- A landspout, driven by a parent misocyclone
- Area of occurrence: Every continent except Antarctica
- Cause: Horizontal wind shear, boundary layer convergence
- Effect: Nonsupercell tornadogenesis, localized wind damage

= Misocyclone =

Concentrated, rotating column of air

A misocyclone is a concentrated, rotating column of air measuring less than 4 kilometers (2.5 mi) in horizontal diameter. Classified within the misoscale domain of meteorology, misocyclones are physically distinct from larger, storm-scale mesocyclones. Rather than originating from a tilting supercell updraft aloft, a misocyclone typically forms in the lower troposphere or atmospheric boundary layer due to localized horizontal wind shear, thermodynamic instability, or convergence along wind boundaries.

Misocyclones serve as the primary parent vortices for non-supercell tornadoes, including landspouts, fair-weather waterspouts, and gustnadoes. When an intense convective updraft passes over a pre-existing boundary layer misocyclone, vertical stretching accelerates the rotation through the conservation of angular momentum, rapidly deepening the vortex and pulling it upward into the cloud base.

== Dynamics and formation ==
As contrasting air masses collide along a boundary layer or thunderstorm gust front, the sharp difference in horizontal wind velocity generates a narrow ribbon of intense shear that buckles under tiny fluid perturbations, rolling up into a sequence of distinct, small-scale rotational cores.
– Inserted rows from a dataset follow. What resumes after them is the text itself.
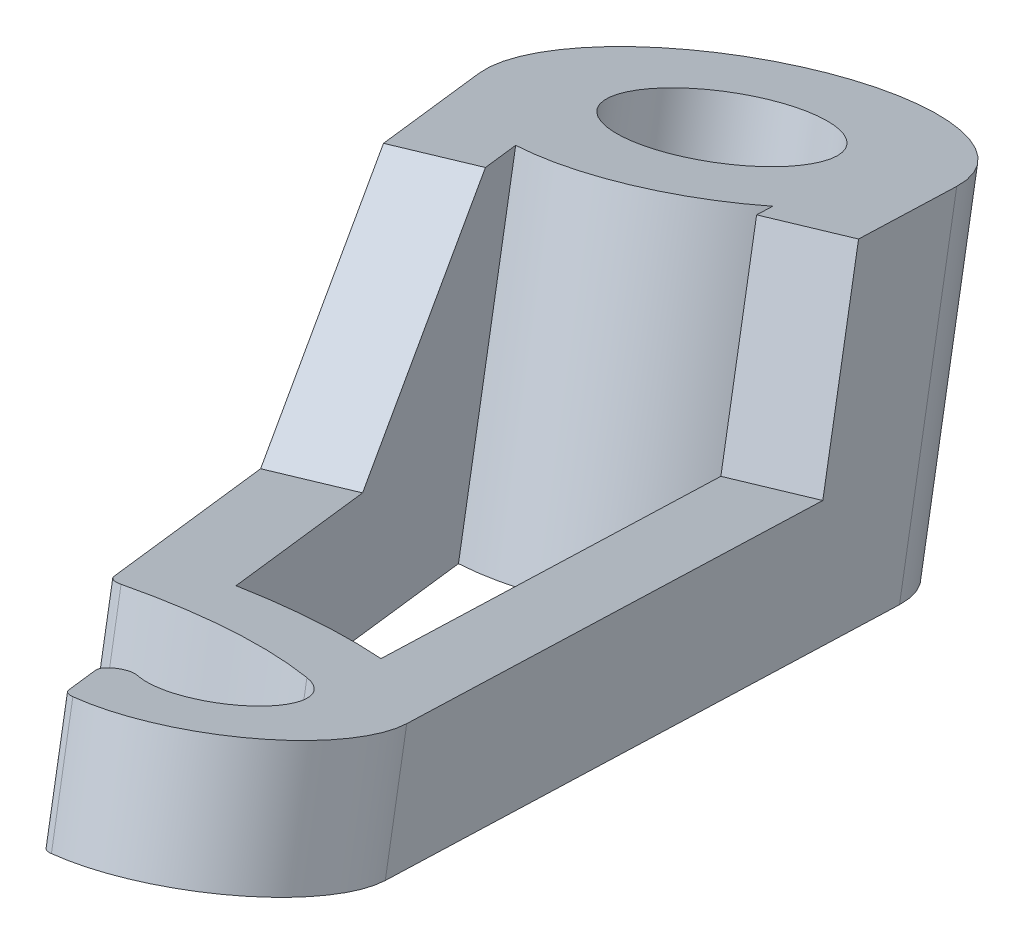
ISO-10303-21;
HEADER;
FILE_DESCRIPTION(('STEP AP214'),'2;1');
FILE_NAME('part.step','',(''),(''),'','','');
FILE_SCHEMA(('AUTOMOTIVE_DESIGN { 1 0 10303 214 1 1 1 1 }'));
ENDSEC;
DATA;
#1=APPLICATION_CONTEXT('core data for automotive mechanical design processes');
#2=APPLICATION_PROTOCOL_DEFINITION('international standard','automotive_design',2000,#1);
#3=PRODUCT_CONTEXT('',#1,'mechanical');
#4=PRODUCT('Part','Part','',(#3));
#5=PRODUCT_RELATED_PRODUCT_CATEGORY('part','',(#4));
#6=PRODUCT_DEFINITION_FORMATION('','',#4);
#7=PRODUCT_DEFINITION_CONTEXT('part definition',#1,'design');
#8=PRODUCT_DEFINITION('design','',#6,#7);
#9=PRODUCT_DEFINITION_SHAPE('','',#8);
#10=(LENGTH_UNIT() NAMED_UNIT(*) SI_UNIT(.MILLI.,.METRE.));
#11=(NAMED_UNIT(*) PLANE_ANGLE_UNIT() SI_UNIT($,.RADIAN.));
#12=(NAMED_UNIT(*) SI_UNIT($,.STERADIAN.) SOLID_ANGLE_UNIT());
#13=UNCERTAINTY_MEASURE_WITH_UNIT(LENGTH_MEASURE(1.E-05),#10,'distance_accuracy_value','');
#14=(GEOMETRIC_REPRESENTATION_CONTEXT(3) GLOBAL_UNCERTAINTY_ASSIGNED_CONTEXT((#13)) GLOBAL_UNIT_ASSIGNED_CONTEXT((#10,
#11,#12)) REPRESENTATION_CONTEXT('',''));
#15=CARTESIAN_POINT('',(0.,0.,0.));
#16=DIRECTION('',(0.,0.,1.));
#17=DIRECTION('',(1.,0.,0.));
#18=AXIS2_PLACEMENT_3D('',#15,#16,#17);
#19=CARTESIAN_POINT('',(-6.2463706120076,4.28236772923862,0.0966297651229249));
#20=DIRECTION('',(0.131884115621641,-0.93969262078591,0.31556989477326));
#21=DIRECTION('',(0.,-0.318350642704083,-0.947973031414869));
#22=AXIS2_PLACEMENT_3D('',#19,#20,#21);
#23=CYLINDRICAL_SURFACE('',#22,2.8300926820941);
#24=CARTESIAN_POINT('',(-6.08151546748055,3.10775195325624,0.4910921335895));
#25=DIRECTION('',(-0.131884115621641,0.93969262078591,-0.31556989477326));
#26=DIRECTION('',(0.,0.318350642704083,0.947973031414869));
#27=AXIS2_PLACEMENT_3D('',#24,#25,#26);
#28=CIRCLE('',#27,2.8300926820941);
#29=CARTESIAN_POINT('',(-4.92935117989364,2.43159707758848,-2.00385408381932));
#30=VERTEX_POINT('',#29);
#31=CARTESIAN_POINT('',(-6.29427963284796,2.1825502912952,-2.17502074546919));
#32=VERTEX_POINT('',#31);
#33=EDGE_CURVE('E197',#30,#32,#28,.T.);
#34=ORIENTED_EDGE('',*,*,#33,.T.);
#35=DIRECTION('',(0.131884115621641,-0.93969262078591,0.31556989477326));
#36=VECTOR('',#35,1.);
#37=CARTESIAN_POINT('',(-6.45913477737501,3.35716606727759,-2.56948311393577));
#38=LINE('',#37,#36);
#39=CARTESIAN_POINT('',(-6.19536654613173,1.47778082570577,-1.93834332438925));
#40=VERTEX_POINT('',#39);
#41=EDGE_CURVE('E285',#32,#40,#38,.T.);
#42=ORIENTED_EDGE('',*,*,#41,.T.);
#43=CARTESIAN_POINT('',(-5.98260238076432,2.4029824876668,0.727769554669445));
#44=DIRECTION('',(-0.131884115621641,0.93969262078591,-0.31556989477326));
#45=DIRECTION('',(0.,0.318350642704083,0.947973031414869));
#46=AXIS2_PLACEMENT_3D('',#43,#44,#45);
#47=CIRCLE('',#46,2.8300926820941);
#48=CARTESIAN_POINT('',(-4.83043809317741,1.72682761199905,-1.76717666273938));
#49=VERTEX_POINT('',#48);
#50=EDGE_CURVE('E256',#49,#40,#47,.T.);
#51=ORIENTED_EDGE('',*,*,#50,.F.);
#52=DIRECTION('',(0.131884115621641,-0.93969262078591,0.31556989477326));
#53=VECTOR('',#52,1.);
#54=CARTESIAN_POINT('',(-5.09420632442069,3.60621285357087,-2.3983164522859));
#55=LINE('',#54,#53);
#56=EDGE_CURVE('E264',#30,#49,#55,.T.);
#57=ORIENTED_EDGE('',*,*,#56,.F.);
#58=EDGE_LOOP('',(#34,#42,#51,#57));
#59=FACE_BOUND('',#58,.T.);
#60=ADVANCED_FACE('F37',(#59),#23,.F.);
#61=CARTESIAN_POINT('',(-5.26376823124328,3.7057213275453,-2.03113978954651));
#62=DIRECTION('',(0.131884115621641,-0.93969262078591,0.31556989477326));
#63=DIRECTION('',(0.,-0.318350642704083,-0.947973031414869));
#64=AXIS2_PLACEMENT_3D('',#61,#62,#63);
#65=CYLINDRICAL_SURFACE('',#64,0.416499553779431);
#66=DIRECTION('',(0.131884115621641,-0.93969262078591,0.31556989477326));
#67=VECTOR('',#66,1.);
#68=CARTESIAN_POINT('',(-5.43333013806587,3.80522980151974,-1.66396312680713));
#69=LINE('',#68,#67);
#70=CARTESIAN_POINT('',(-5.26847499353882,2.63061402553736,-1.26950075834056));
#71=VERTEX_POINT('',#70);
#72=CARTESIAN_POINT('',(-5.16956190682259,1.92584455994792,-1.03282333726061));
#73=VERTEX_POINT('',#72);
#74=EDGE_CURVE('E266',#71,#73,#69,.T.);
#75=ORIENTED_EDGE('',*,*,#74,.F.);
#76=CARTESIAN_POINT('',(-5.09891308671623,2.53110555156292,-1.63667742107994));
#77=DIRECTION('',(-0.131884115621641,0.93969262078591,-0.31556989477326));
#78=DIRECTION('',(0.,0.318350642704083,0.947973031414869));
#79=AXIS2_PLACEMENT_3D('',#76,#77,#78);
#80=CIRCLE('',#79,0.416499553779431);
#81=EDGE_CURVE('E352',#71,#30,#80,.T.);
#82=ORIENTED_EDGE('',*,*,#81,.T.);
#83=ORIENTED_EDGE('',*,*,#56,.T.);
#84=CARTESIAN_POINT('',(-5.,1.82633608597348,-1.39999999999999));
#85=DIRECTION('',(-0.131884115621641,0.93969262078591,-0.31556989477326));
#86=DIRECTION('',(0.,-0.318350642704083,-0.947973031414869));
#87=AXIS2_PLACEMENT_3D('',#84,#85,#86);
#88=CIRCLE('',#87,0.416499553779431);
#89=EDGE_CURVE('E253',#73,#49,#88,.T.);
#90=ORIENTED_EDGE('',*,*,#89,.F.);
#91=EDGE_LOOP('',(#75,#82,#83,#90));
#92=FACE_BOUND('',#91,.T.);
#93=ADVANCED_FACE('F367',(#92),#65,.F.);
#94=CARTESIAN_POINT('',(-5.43333013806587,3.80522980151974,-1.66396312680713));
#95=DIRECTION('',(0.407111857105102,-0.238916159864932,-0.881577565708106));
#96=DIRECTION('',(-0.907869279140984,0.,-0.419253350603224));
#97=AXIS2_PLACEMENT_3D('',#94,#95,#96);
#98=PLANE('',#97);
#99=DIRECTION('',(0.90380668057452,0.244738323512896,0.351050761504607));
#100=VECTOR('',#99,1.);
#101=CARTESIAN_POINT('',(-5.16956190682259,1.92584455994792,-1.03282333726061));
#102=LINE('',#101,#100);
#103=CARTESIAN_POINT('',(-5.20408425009461,1.9164963878247,-1.04623228317243));
#104=VERTEX_POINT('',#103);
#105=EDGE_CURVE('E251',#104,#73,#102,.T.);
#106=ORIENTED_EDGE('',*,*,#105,.F.);
#107=DIRECTION('',(0.131884115621641,-0.93969262078591,0.31556989477326));
#108=VECTOR('',#107,1.);
#109=CARTESIAN_POINT('',(-5.4678524813379,3.79588162939652,-1.67737207271895));
#110=LINE('',#109,#108);
#111=CARTESIAN_POINT('',(-5.30299733681085,2.62126585341413,-1.28290970425238));
#112=VERTEX_POINT('',#111);
#113=EDGE_CURVE('E12',#104,#112,#110,.F.);
#114=ORIENTED_EDGE('',*,*,#113,.T.);
#115=DIRECTION('',(0.90380668057452,0.244738323512896,0.351050761504607));
#116=VECTOR('',#115,1.);
#117=CARTESIAN_POINT('',(-5.26847499353882,2.63061402553736,-1.26950075834056));
#118=LINE('',#117,#116);
#119=EDGE_CURVE('E312',#112,#71,#118,.T.);
#120=ORIENTED_EDGE('',*,*,#119,.T.);
#121=ORIENTED_EDGE('',*,*,#74,.T.);
#122=EDGE_LOOP('',(#106,#114,#120,#121));
#123=FACE_BOUND('',#122,.T.);
#124=ADVANCED_FACE('F371',(#123),#98,.T.);
#125=CARTESIAN_POINT('',(-5.42002594293278,3.97343360751462,-1.16865205353568));
#126=DIRECTION('',(-0.905981049360744,0.0149187091184674,0.423055280450965));
#127=DIRECTION('',(0.42310236756999,0.,0.906081887335063));
#128=AXIS2_PLACEMENT_3D('',#125,#126,#127);
#129=PLANE('',#128);
#130=DIRECTION('',(-0.402249820690952,-0.341694615934679,-0.84937616589786));
#131=VECTOR('',#130,1.);
#132=CARTESIAN_POINT('',(-5.1562577116895,2.0940483659428,-0.537512263989163));
#133=LINE('',#132,#131);
#134=CARTESIAN_POINT('',(-5.17852533271077,2.07513294119613,-0.584531766780298));
#135=VERTEX_POINT('',#134);
#136=CARTESIAN_POINT('',(-5.3353935407412,1.94187987472304,-0.915768998556527));
#137=VERTEX_POINT('',#136);
#138=EDGE_CURVE('E248',#135,#137,#133,.T.);
#139=ORIENTED_EDGE('',*,*,#138,.F.);
#140=DIRECTION('',(0.131884115621641,-0.93969262078591,0.31556989477326));
#141=VECTOR('',#140,1.);
#142=CARTESIAN_POINT('',(-5.44229356395405,3.95451818276795,-1.21567155632682));
#143=LINE('',#142,#141);
#144=CARTESIAN_POINT('',(-5.277438419427,2.77990240678556,-0.821209187860243));
#145=VERTEX_POINT('',#144);
#146=EDGE_CURVE('E45',#135,#145,#143,.F.);
#147=ORIENTED_EDGE('',*,*,#146,.T.);
#148=DIRECTION('',(-0.402249820690952,-0.341694615934678,-0.84937616589786));
#149=VECTOR('',#148,1.);
#150=CARTESIAN_POINT('',(-5.25517079840573,2.79881783153223,-0.774189685069108));
#151=LINE('',#150,#149);
#152=CARTESIAN_POINT('',(-5.43430662745743,2.64664934031247,-1.15244641963647));
#153=VERTEX_POINT('',#152);
#154=EDGE_CURVE('E309',#145,#153,#151,.T.);
#155=ORIENTED_EDGE('',*,*,#154,.T.);
#156=DIRECTION('',(0.131884115621641,-0.93969262078591,0.31556989477326));
#157=VECTOR('',#156,1.);
#158=CARTESIAN_POINT('',(-5.59916177198448,3.82126511629486,-1.54690878810305));
#159=LINE('',#158,#157);
#160=EDGE_CURVE('E303',#153,#137,#159,.T.);
#161=ORIENTED_EDGE('',*,*,#160,.T.);
#162=EDGE_LOOP('',(#139,#147,#155,#161));
#163=FACE_BOUND('',#162,.T.);
#164=ADVANCED_FACE('F308',(#163),#129,.T.);
#165=CARTESIAN_POINT('',(-5.26376823124328,3.7057213275453,-2.03113978954651));
#166=DIRECTION('',(0.131884115621641,-0.93969262078591,0.31556989477326));
#167=DIRECTION('',(0.,-0.318350642704083,-0.947973031414869));
#168=AXIS2_PLACEMENT_3D('',#165,#166,#167);
#169=CYLINDRICAL_SURFACE('',#168,0.91649955377943);
#170=CARTESIAN_POINT('',(-5.09891308671623,2.53110555156292,-1.63667742107994));
#171=DIRECTION('',(-0.131884115621641,0.93969262078591,-0.31556989477326));
#172=DIRECTION('',(0.,0.318350642704083,0.947973031414869));
#173=AXIS2_PLACEMENT_3D('',#170,#171,#172);
#174=CIRCLE('',#173,0.91649955377943);
#175=CARTESIAN_POINT('',(-4.23961052888823,2.54477854181296,-1.9550853285285));
#176=VERTEX_POINT('',#175);
#177=CARTESIAN_POINT('',(-5.19760911740915,2.80869897671438,-0.768822354887411));
#178=VERTEX_POINT('',#177);
#179=EDGE_CURVE('E172',#176,#178,#174,.F.);
#180=ORIENTED_EDGE('',*,*,#179,.T.);
#181=DIRECTION('',(0.131884115621641,-0.93969262078591,0.31556989477326));
#182=VECTOR('',#181,1.);
#183=CARTESIAN_POINT('',(-5.3624642619362,3.98331475269677,-1.16328472335399));
#184=LINE('',#183,#182);
#185=CARTESIAN_POINT('',(-5.09869603069292,2.10392951112495,-0.532144933807466));
#186=VERTEX_POINT('',#185);
#187=EDGE_CURVE('E300',#178,#186,#184,.T.);
#188=ORIENTED_EDGE('',*,*,#187,.T.);
#189=CARTESIAN_POINT('',(-5.,1.82633608597348,-1.39999999999999));
#190=DIRECTION('',(0.131884115621641,-0.93969262078591,0.31556989477326));
#191=DIRECTION('',(0.,0.318350642704083,0.947973031414869));
#192=AXIS2_PLACEMENT_3D('',#189,#190,#191);
#193=CIRCLE('',#192,0.91649955377943);
#194=CARTESIAN_POINT('',(-4.140697442172,1.84000907622353,-1.71840790744856));
#195=VERTEX_POINT('',#194);
#196=EDGE_CURVE('E245',#195,#186,#193,.T.);
#197=ORIENTED_EDGE('',*,*,#196,.F.);
#198=DIRECTION('',(0.131884115621641,-0.93969262078591,0.31556989477326));
#199=VECTOR('',#198,1.);
#200=CARTESIAN_POINT('',(-4.40446567341528,3.71939431779535,-2.34954769699508));
#201=LINE('',#200,#199);
#202=EDGE_CURVE('E269',#176,#195,#201,.T.);
#203=ORIENTED_EDGE('',*,*,#202,.F.);
#204=EDGE_LOOP('',(#180,#188,#197,#203));
#205=FACE_BOUND('',#204,.T.);
#206=ADVANCED_FACE('F318',(#205),#169,.T.);
#207=CARTESIAN_POINT('',(-6.2463706120076,4.28236772923862,0.0966297651229249));
#208=DIRECTION('',(0.131884115621641,-0.93969262078591,0.31556989477326));
#209=DIRECTION('',(0.,-0.318350642704083,-0.947973031414869));
#210=AXIS2_PLACEMENT_3D('',#207,#208,#209);
#211=CYLINDRICAL_SURFACE('',#210,3.3300926820941);
#212=CARTESIAN_POINT('',(-6.08151546748055,3.10775195325624,0.4910921335895));
#213=DIRECTION('',(-0.131884115621641,0.93969262078591,-0.31556989477326));
#214=DIRECTION('',(0.,0.318350642704083,0.947973031414869));
#215=AXIS2_PLACEMENT_3D('',#212,#213,#214);
#216=CIRCLE('',#215,3.3300926820941);
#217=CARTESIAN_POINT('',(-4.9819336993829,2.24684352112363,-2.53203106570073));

Baroclinic processes can enhance this localized rotation. Temperature and density gradients across the outflow boundary generate horizontal vorticity, which is then tilted into the vertical plane by convective updrafts near the convergence line. Once these low-level misocyclones are established, their rotation can be amplified if a developing convective cell passes directly over them; the updraft causes rapid vertical stretching, concentrating the core's angular momentum to produce non-supercell tornadoes.

== Detection ==
Because misocyclones are classified within the misoscale domain, their small physical dimensions make them significantly harder to detect on standard weather radar networks compared to storm-scale mesocyclones. On single-Doppler radar displays, a misocyclone is identified via radial velocity data as a tight pair of adjacent pixels showing maximum inbound and outbound wind velocities next to each other. This differs from mesocyclones, which have a much larger rotation and are easier to detect.